## Data for analysis

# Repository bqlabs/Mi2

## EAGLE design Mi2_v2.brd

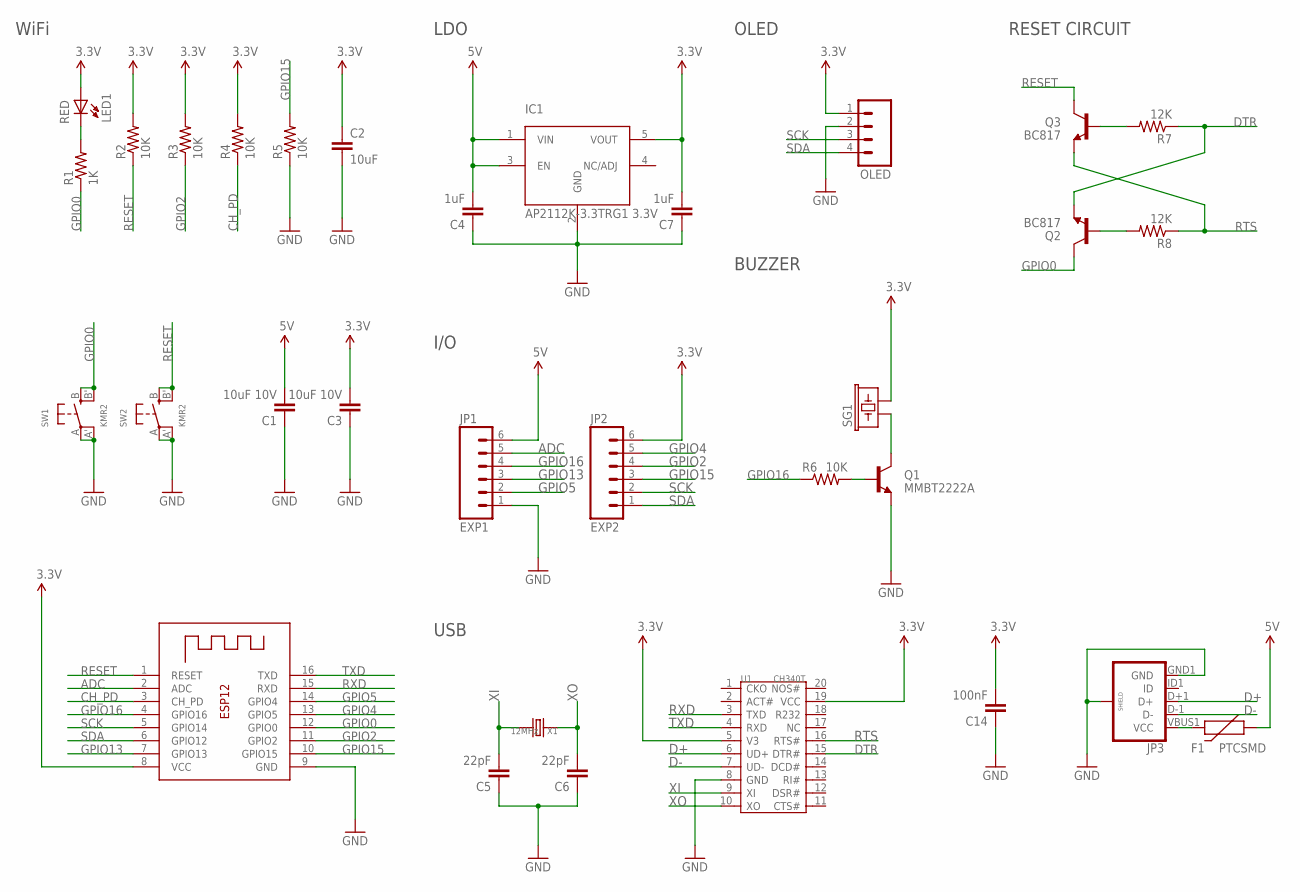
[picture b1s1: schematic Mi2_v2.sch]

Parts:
C1, C3: 10uF 10V; 0402-CAP
C2: 10uF; 0603-CAP
C4, C7: 1uF; 0402-CAP
C5, C6: 22pF; 0402-CAP
C14: 100nF; 0402-CAP
F1: PTCSMD; PTC-1206
IC1: AP2112K-3.3TRG1 3.3V; SOT23-5
JP1: EXP1; 1X06_LOCK
JP2: EXP2; 1X06_LOCK
JP3: USB_MICROB_PLUGCONN-11752; USB-B-MICRO-SMD_V03
LED1: RED; LED-0603_L
OLED: M04LOCK; 1X04_LOCK
Q1: MMBT2222A; SOT23-3
Q2, Q3: BC817; SOT23-3
R1: 1K; R0402
R2, R3, R4, R5: 10K; R0402
R6: 10K; 0402-RES
R7, R8: 12K; R0402
SG1: BUZZERSMD2; BUZZER-CCV
SW1, SW2: KMR2; BTN_KMR2_4.6X2.8
U1: CH340T; SSOP20
X1: 12MHz; 2P-SMD-5X3.2
X2: ESP-12

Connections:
3.3V: C2.1, C3.2, C7.2, C14.2, IC1.5 (VOUT), JP2.6, LED1.A, OLED.1, R2.2, R3.2, R4.2, SG1.- (2), U1.5 (V3), U1.19 (VCC), X2.8 (VCC)
5V: C1.2, C4.2, F1.1, IC1.1 (VIN), IC1.3 (EN), JP1.6
ADC: JP1.5, X2.2 (ADC)
CH_PD: R4.1, X2.3 (CH_PD)
D+: JP3.D+1 (D+), U1.6 (UD+)
D-: JP3.D-1 (D-), U1.7 (UD-)
DTR: Q2.2 (E), R7.1, U1.15 (DTR#)
GND: C1.1, C2.2, C3.1, C4.1, C5.1, C6.1, C7.1, C14.1, IC1.2 (GND), JP1.1, JP3.GND1 (GND), JP3.SHIELD1 (SHIELD), JP3.SHIELD2 (SHIELD), JP3.SHIELD3 (SHIELD), OLED.2, Q1.2 (E), R5.1, SW1.A, SW1.A' (P1), SW2.A, SW2.A' (P1), U1.8 (GND), X2.9 (GND)
GPIO0: Q2.3 (C), R1.1, SW1.B (S), SW1.B' (S1), X2.12 (GPIO0)
GPIO2: JP2.4, R3.1, X2.11 (GPIO2)
GPIO4: JP2.5, X2.13 (GPIO5)
GPIO5: JP1.2, X2.14 (GPIO4)
GPIO13: JP1.3, X2.7 (GPIO13)
GPIO15: JP2.3, R5.2, X2.10 (GPIO15)
GPIO16: JP1.4, R6.1, X2.4 (GPIO16)
unnamed: Q3.1 (B), R7.2
unnamed: LED1.C, R1.2
unnamed: Q2.1 (B), R8.2
unnamed: Q1.3 (C), SG1.+ (1)
unnamed: Q1.1 (B), R6.2
unnamed: F1.2, JP3.VBUS1 (VCC)
RESET: Q3.3 (C), R2.1, SW2.B (S), SW2.B' (S1), X2.1 (RESET)
RTS: Q3.2 (E), R8.1, U1.16 (RTS#)
RXD: U1.3 (TXD), X2.15 (RXD)
SCK: JP2.2, OLED.3, X2.5 (GPIO14)
SDA: JP2.1, OLED.4, X2.6 (GPIO12)
TXD: U1.4 (RXD), X2.16 (TXD)
XI: C5.2, U1.9 (XI), X1.2
XO: C6.2, U1.10 (XO), X1.1

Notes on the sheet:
WiFi
LDO
USB
OLED
I/O
BUZZER
RESET CIRCUIT

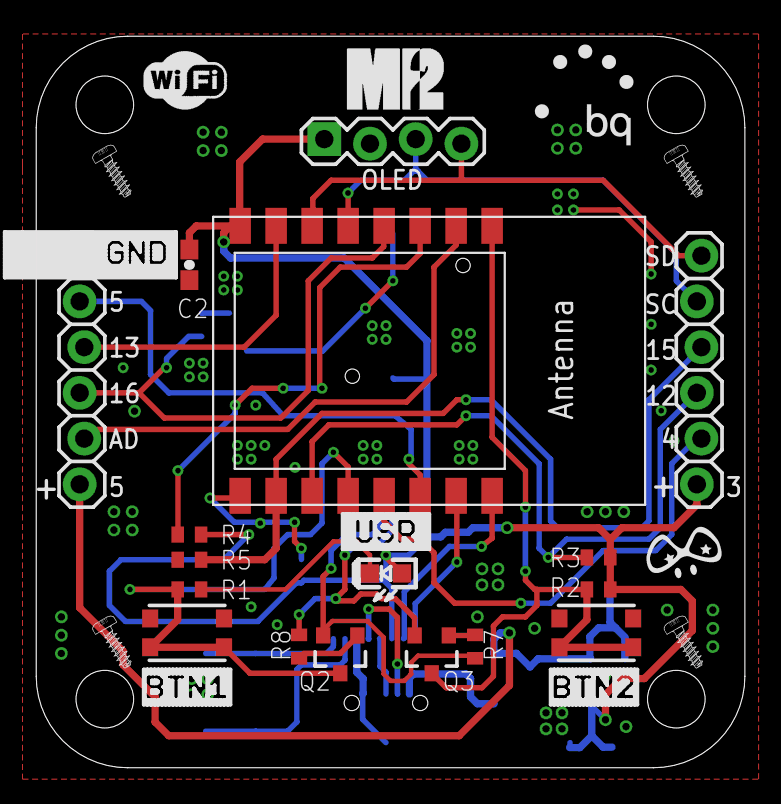
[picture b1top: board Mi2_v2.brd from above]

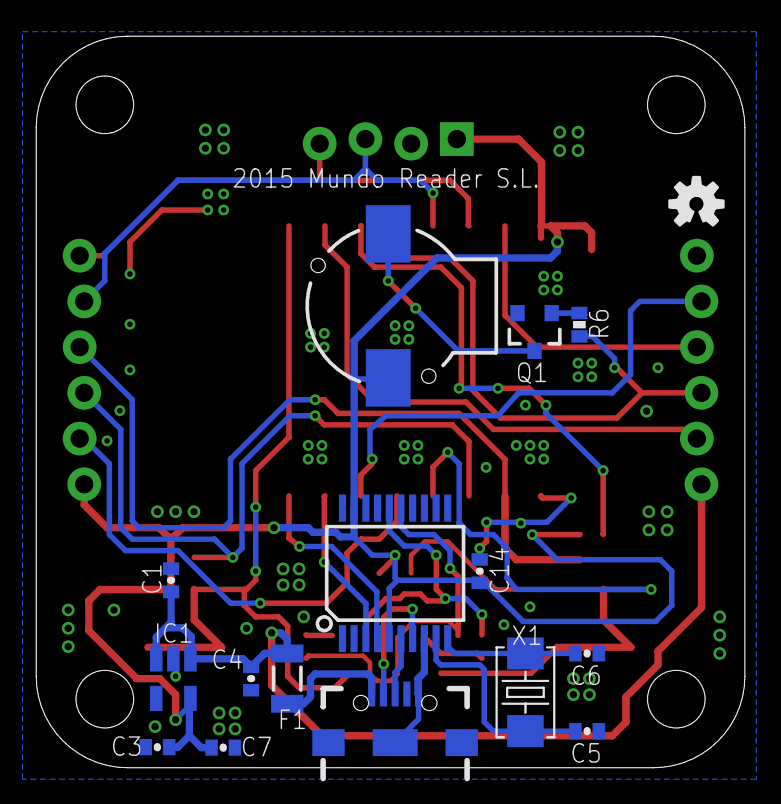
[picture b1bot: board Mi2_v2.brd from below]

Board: 2 copper layers, 39.4 x 40.6 mm, 45 parts (16 on the bottom side), 29 nets.

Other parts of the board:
LOGO1: OSHW-LOGOS; OSHW-LOGO-S
U$1: PIGHIXXX_LOGO
U$2: S_KICIK_GND_1
U$3: S_WIFI
U$4: S_BTN1
U$5: S_BTN2
U$6: S_USR
U$7: BQ_LOGO_SMALL
U$8, U$9, U$10, U$11: SCREW
U$12: MI2_LOGO

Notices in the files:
parts and their libraries:
SparkFun-Capacitors: Licensing: Creative Commons ShareAlike 4.0 International - https://creativecommons.org/licenses/by-sa/4.0
microbuilder: This work is placed in the public domain, and may be freely used for commercial and non-commercial work with the following conditions:

## Task instructions
Copy out every line of the material above that contains the string "picture".

## Response below
[picture b1s1: schematic Mi2_v2.sch]
[picture b1top: board Mi2_v2.brd from above]
[picture b1bot: board Mi2_v2.brd from below]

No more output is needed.